Saw this forum and just thought I'd drop in.


----------



## gafftaper (Jan 31, 2009)

Welcome to the Booth! Where in this great big world are you? Perhaps someone can suggest a theater nearby for you to volunteer at and learn some new things. Community theaters usually love to have energetic students help out who have the right attitude and are eager to learn new things. 

The Search function is your friend!


----------



## freyyr (Jan 31, 2009)

Thanks for the welcome! I live in a small isolated town in British Columbia called Powell River. Surprisingly, we have two theatres - the one owned and operated by the local Rec complex, and the one owned by the school board at the high school (usually rented out to other events). For its size, this town is pretty big on the arts - we host an international choral festival called Kathaumixw as well as an annual music and fine arts festival, a film festival, and several miscellaneous folk festivals. The focus is typically on music.

Our high school has a decent music department, with about 80-100 students enrolled. This April we're headed to Cuba as a band. The drama department also does a musical annually, usually in coordination with the music department.

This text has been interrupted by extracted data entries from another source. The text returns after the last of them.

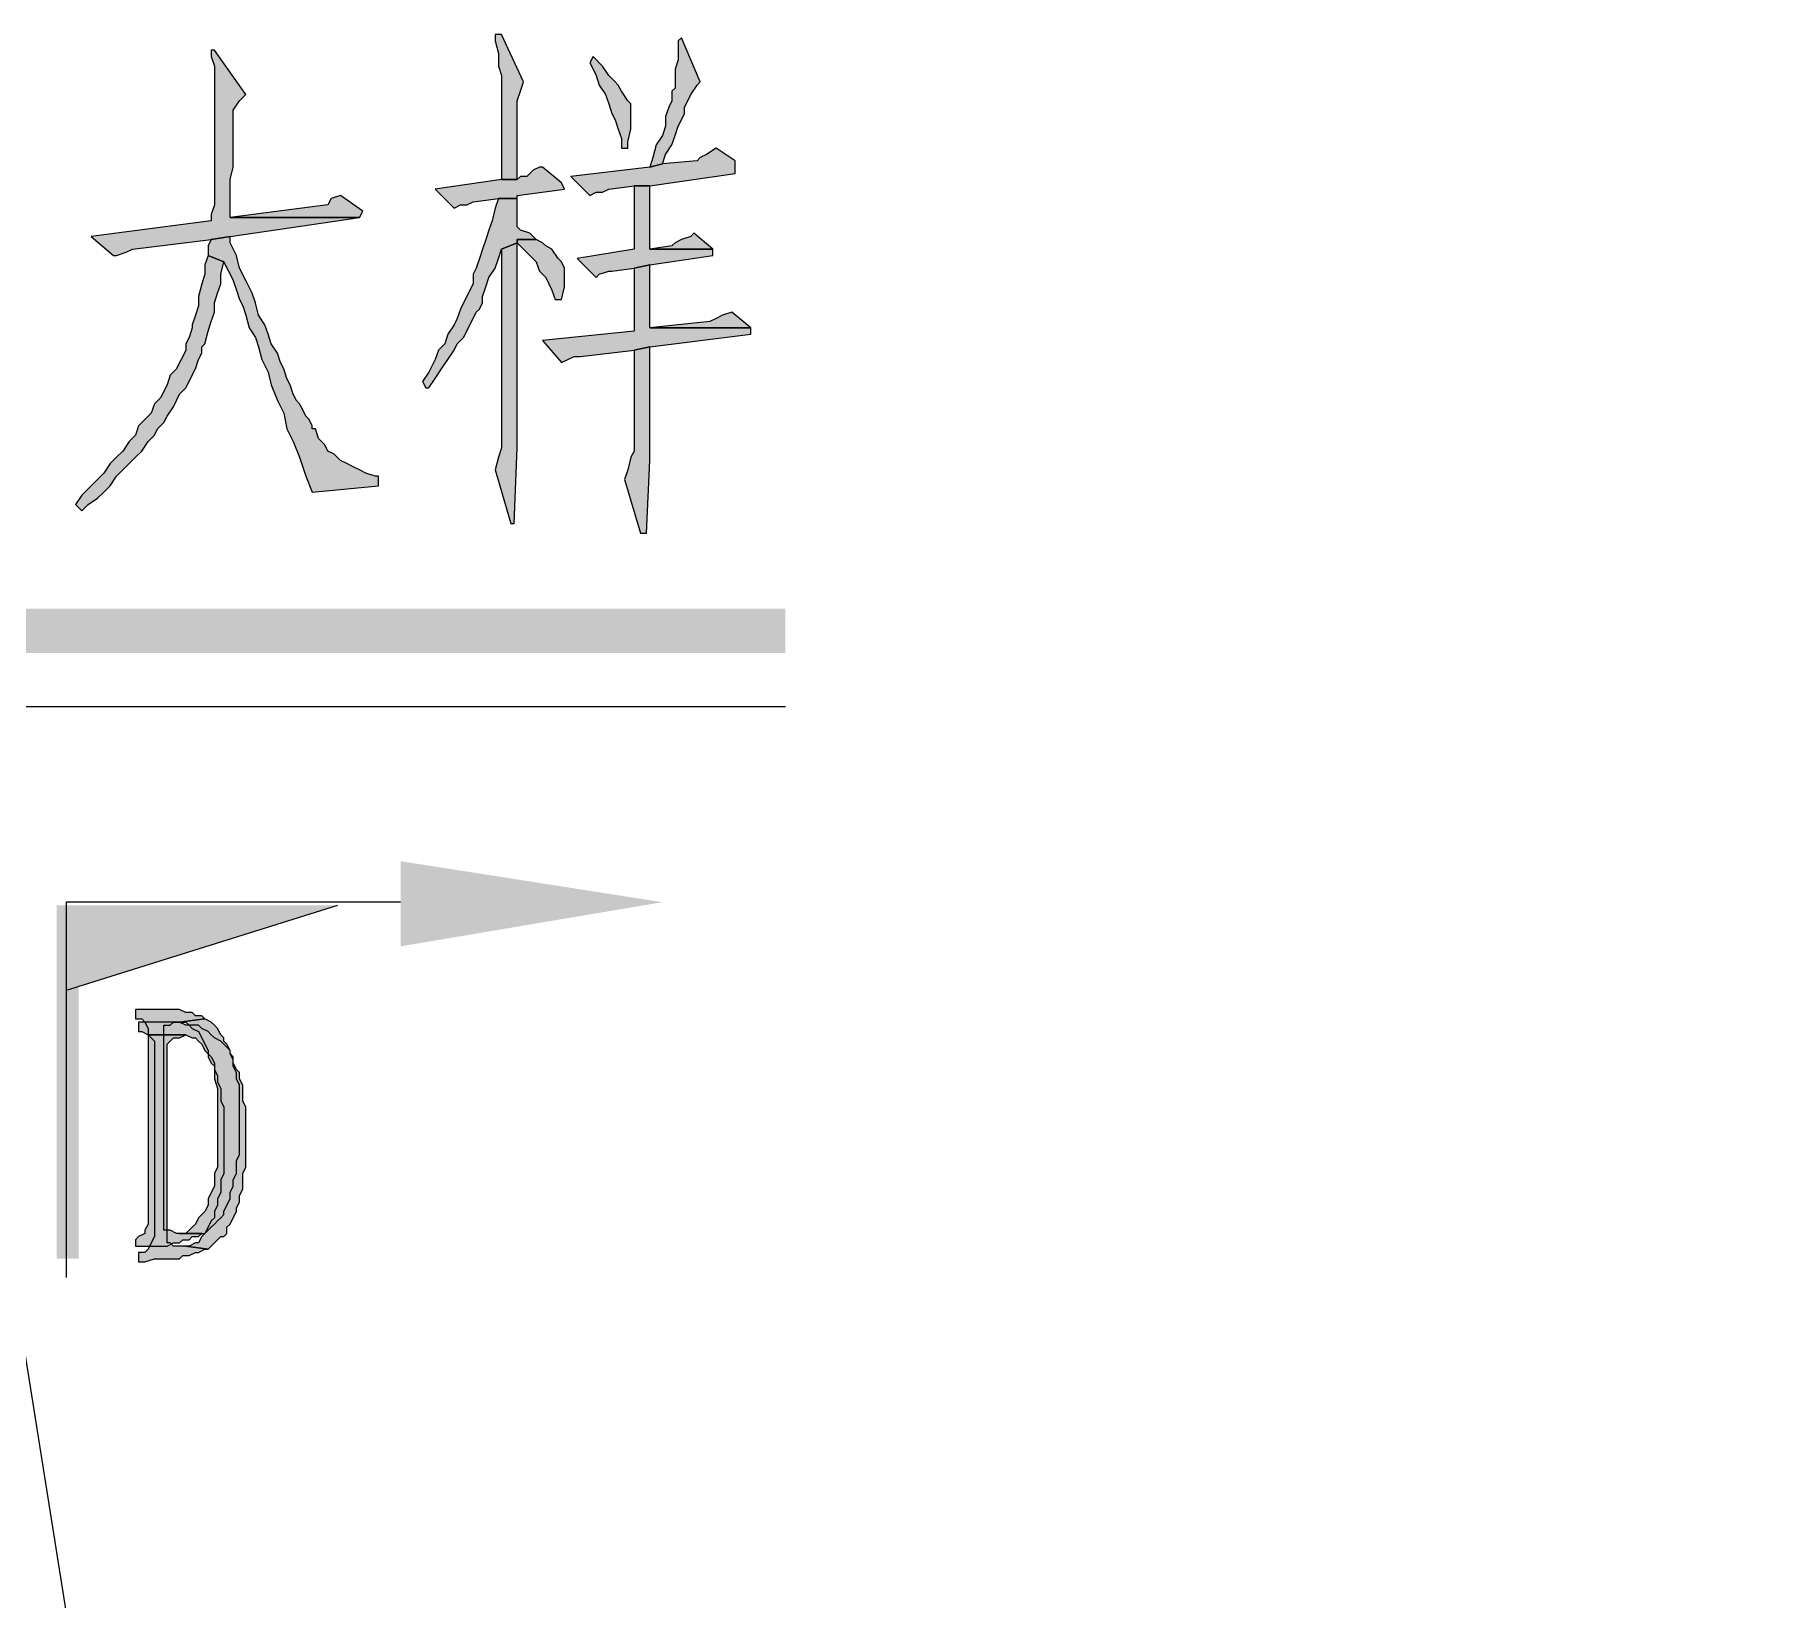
# Model space of a CAD drawing. Header units: millimetres. Extents: x 24 to 410, y 10 to 282.
# Drawn here: x 336.72 to 359.88, y 133.43 to 154.43 of the extents above; entities that cross this region are included whole.
import ezdxf

# ---------------------------------------------------------------- set-up
doc = ezdxf.new("R2010")
doc.units = ezdxf.units.MM

msp = doc.modelspace()

# ---------------------------------------------------------------- hatches: boundary and pattern name
h = msp.add_hatch(color=256)
h.dxf.hatch_style = 2
h.paths.add_polyline_path([(342.984667, 154.432), (342.9, 154.432), (342.9, 154.347333), (342.942333, 154.178), (342.942333, 154.008667), (342.984667, 153.881667), (342.984667, 152.484667), (343.196333, 152.484667), (343.196333, 152.992667), (343.196333, 153.077333), (343.196333, 153.543), (343.238667, 153.67), (343.281, 153.797)])
h = msp.add_hatch(color=256)
h.dxf.hatch_style = 2
h.paths.add_polyline_path([(345.397667, 154.389667), (345.355333, 154.347333), (345.355333, 154.093333), (345.313, 153.966333), (345.313, 153.712333), (345.270667, 153.67), (345.270667, 153.543), (345.228333, 153.458333), (345.186, 153.331333), (345.186, 153.204333), (345.143667, 153.077333), (345.059, 152.950333), (345.016667, 152.781), (344.974333, 152.654), (345.143667, 152.696333), (345.186, 152.823333), (345.270667, 152.950333), (345.313, 153.077333), (345.355333, 153.204333), (345.397667, 153.289), (345.44, 153.373667), (345.44, 153.458333), (345.482333, 153.543), (345.524667, 153.627667), (345.609333, 153.754667), (345.651667, 153.797)])
h = msp.add_hatch(color=256)
h.dxf.hatch_style = 2
h.paths.add_polyline_path([(339.132333, 154.220333), (339.09, 154.220333), (339.09, 154.135667), (339.132333, 154.008667), (339.132333, 152.146), (339.09, 152.019), (339.09, 151.934333), (337.481333, 151.722667), (337.777667, 151.468667), (337.82, 151.468667), (337.947, 151.511), (338.031667, 151.553333), (339.09, 151.680333), (339.344, 151.722667), (341.079667, 151.976667), (339.344, 151.976667), (339.344, 152.019), (339.344, 152.484667), (339.386333, 152.654), (339.386333, 153.416), (339.471, 153.543), (339.555667, 153.627667)])
h = msp.add_hatch(color=256)
h.dxf.hatch_style = 2
h.paths.add_polyline_path([(344.212333, 154.135667), (344.17, 154.051), (344.212333, 153.966333), (344.254667, 153.881667), (344.297, 153.754667), (344.381667, 153.627667), (344.424, 153.500667), (344.466333, 153.373667), (344.508667, 153.289), (344.551, 153.162), (344.593333, 153.035), (344.593333, 152.908), (344.678, 152.908), (344.678, 152.992667), (344.720333, 153.162), (344.720333, 153.500667), (344.678, 153.543), (344.593333, 153.67), (344.551, 153.754667), (344.508667, 153.797), (344.424, 153.881667), (344.339333, 154.008667)])
h = msp.add_hatch(color=256)
h.dxf.hatch_style = 2
h.paths.add_polyline_path([(345.863333, 152.908), (345.736333, 152.823333), (345.651667, 152.781), (345.609333, 152.738667), (345.143667, 152.696333), (344.974333, 152.654), (343.916, 152.527), (344.17, 152.273), (344.254667, 152.315333), (344.339333, 152.315333), (344.424, 152.357667), (344.762667, 152.4), (344.974333, 152.4), (346.117333, 152.569333), (346.117333, 152.738667)])
h = msp.add_hatch(color=256)
h.dxf.hatch_style = 2
h.paths.add_polyline_path([(343.535, 152.654), (343.492667, 152.654), (343.408, 152.611667), (343.323333, 152.527), (343.238667, 152.527), (343.196333, 152.484667), (342.984667, 152.484667), (342.095667, 152.357667), (342.349667, 152.103667), (342.434333, 152.146), (342.519, 152.146), (342.603667, 152.188333), (342.942333, 152.230667), (343.196333, 152.230667), (343.196333, 152.273), (343.831333, 152.357667), (343.789, 152.442333)])
h = msp.add_hatch(color=256)
h.dxf.hatch_style = 2
h.paths.add_polyline_path([(344.974333, 152.4), (344.762667, 152.4), (344.762667, 152.146), (344.762667, 151.553333), (344.000667, 151.426333), (344.254667, 151.172333), (344.297, 151.214667), (344.424, 151.257), (344.466333, 151.257), (344.762667, 151.299333), (344.974333, 151.341667), (345.821, 151.468667), (345.821, 151.553333), (344.974333, 151.553333)])
h = msp.add_hatch(color=256)
h.dxf.hatch_style = 2
h.paths.add_polyline_path([(340.825667, 152.273), (340.698667, 152.230667), (340.656333, 152.146), (339.344, 151.976667), (341.079667, 151.976667), (341.122, 152.061333)])
h = msp.add_hatch(color=256)
h.dxf.hatch_style = 2
h.paths.add_polyline_path([(343.196333, 152.230667), (342.942333, 152.230667), (342.9, 152.103667), (342.857667, 151.934333), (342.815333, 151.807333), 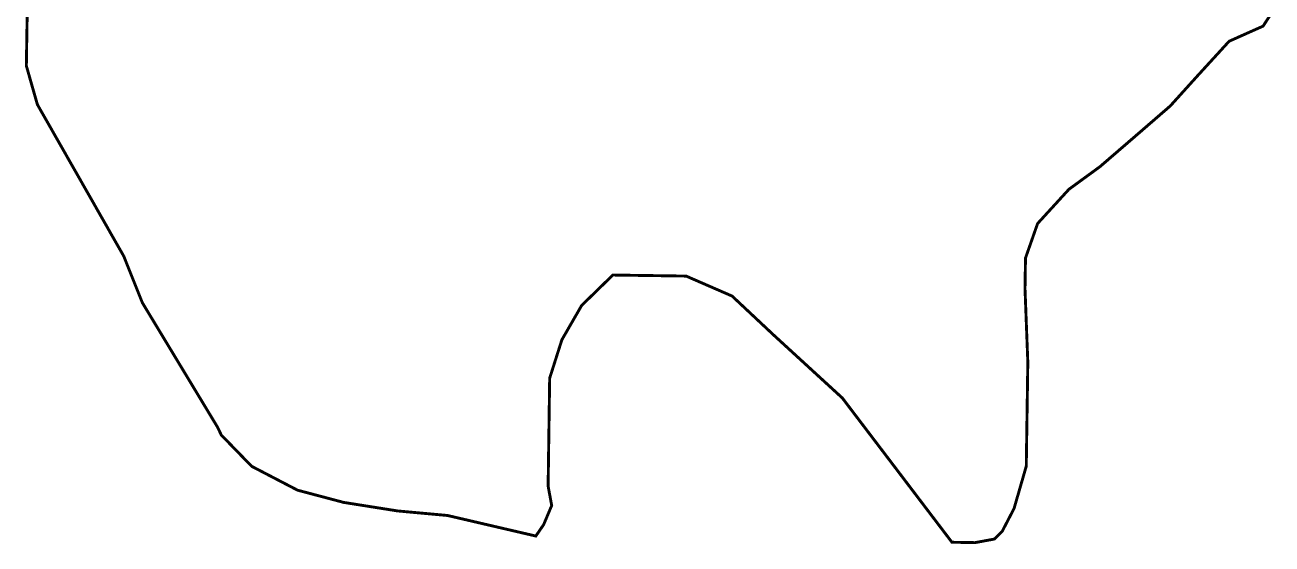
# Model space of a CAD drawing. Header units: metres. Extents: x 257673 to 289848, y 2129691 to 2228029.
# Drawn here: x 275568 to 276854, y 2156974 to 2157510 of the extents above; entities that cross this region are included whole.
import ezdxf

# ---------------------------------------------------------------- set-up
doc = ezdxf.new("R2010")
doc.units = ezdxf.units.M
doc.header["$MEASUREMENT"] = 0
doc.layers.add('HAZARDS LINE', color=1, linetype='Continuous')

msp = doc.modelspace()

# ---------------------------------------------------------------- linework, layer by layer
at = {"layer": 'HAZARDS LINE', "lineweight": 18}
msp.add_lwpolyline([(275570.1, 2157523, 2.98, 2.98, 0), (275569.2, 2157467.3, 2.98, 2.98, 0), (275580.6, 2157427.4, 2.98, 2.98, 0), (275669.7, 2157271, 2.98, 2.98, 0), (275688.9, 2157223, 2.98, 2.98, 0), (275766.5, 2157094.6, 2.98, 2.98, 0), (275770.3, 2157086.6, 2.98, 2.98, 0), (275801.7, 2157054.3, 2.98, 2.98, 0), (275849, 2157029.7, 2.98, 2.98, 0), (275896.5, 2157017.1, 2.98, 2.98, 0), (275952.1, 2157008.3, 2.98, 2.98, 0), (276003.7, 2157003.6, 2.98, 2.98, 0), (276094.8, 2156982.4, 2.98, 2.98, 0), (276102.9, 2156994.2, 2.98, 2.98, 0), (276111.2, 2157013.9, 2.98, 2.98, 0), (276107.5, 2157033.9, 2.98, 2.98, 0), (276109.1, 2157145.2, 2.98, 2.98, 0), (276121.7, 2157184.8, 2.98, 2.98, 0), (276142.1, 2157220.2, 2.98, 2.98, 0), (276174.3, 2157251.6, 2.98, 2.98, 0), (276249.9, 2157250.5, 2.98, 2.98, 0), (276297.3, 2157229.9, 2.98, 2.98, 0), (276340.4, 2157189.5, 2.98, 2.98, 0), (276411, 2157124.8, 2.98, 2.98, 0), (276524.1, 2156976, 2.98, 2.98, 0), (276547.9, 2156975.6, 2.98, 2.98, 0), (276567.9, 2156979.3, 2.98, 2.98, 0), (276575.9, 2156987.1, 2.98, 2.98, 0), (276588.2, 2157010.8, 2.98, 2.98, 0), (276600.8, 2157054.4, 2.98, 2.98, 0), (276602.4, 2157161.7, 2.98, 2.98, 0), (276599.5, 2157237.3, 2.98, 2.98, 0), (276600, 2157269.1, 2.98, 2.98, 0), (276612.5, 2157304.7, 2.98, 2.98, 0), (276644.8, 2157340, 2.98, 2.98, 0), (276676.9, 2157363.4, 2.98, 2.98, 0), (276713.2, 2157394.7, 2.98, 2.98, 0), (276749.4, 2157426, 2.98, 2.98, 0), (276777.7, 2157457.3, 2.98, 2.98, 0), (276810.1, 2157492.7, 2.98, 2.98, 0), (276845.1, 2157508.3, 2.99, 2.99, 0), (276852.9, 2157520.2, 2.99, 2.99, 0)], format="xyseb", dxfattribs=at)

doc.saveas('drawing.dxf')

There is a community theatre group (The Far Off Broadway Theatre Company) which typically does two musicals annually. For their summer show they're doing Chicago. I contacted the director a few days ago and I'll be doing something for the production - not quite sure what yet.


----------



## gafftaper (Jan 31, 2009)

I'm from Seattle. Although I've seen Powell River from a ship although I've never been there. Well I can't help you find any other nearby theaters obviously but it sounds like you are on a good path to get connected with the local community. We've got another CB member named Ben aka thebikingtechie who lives across the pond from you in Courtenay.


----------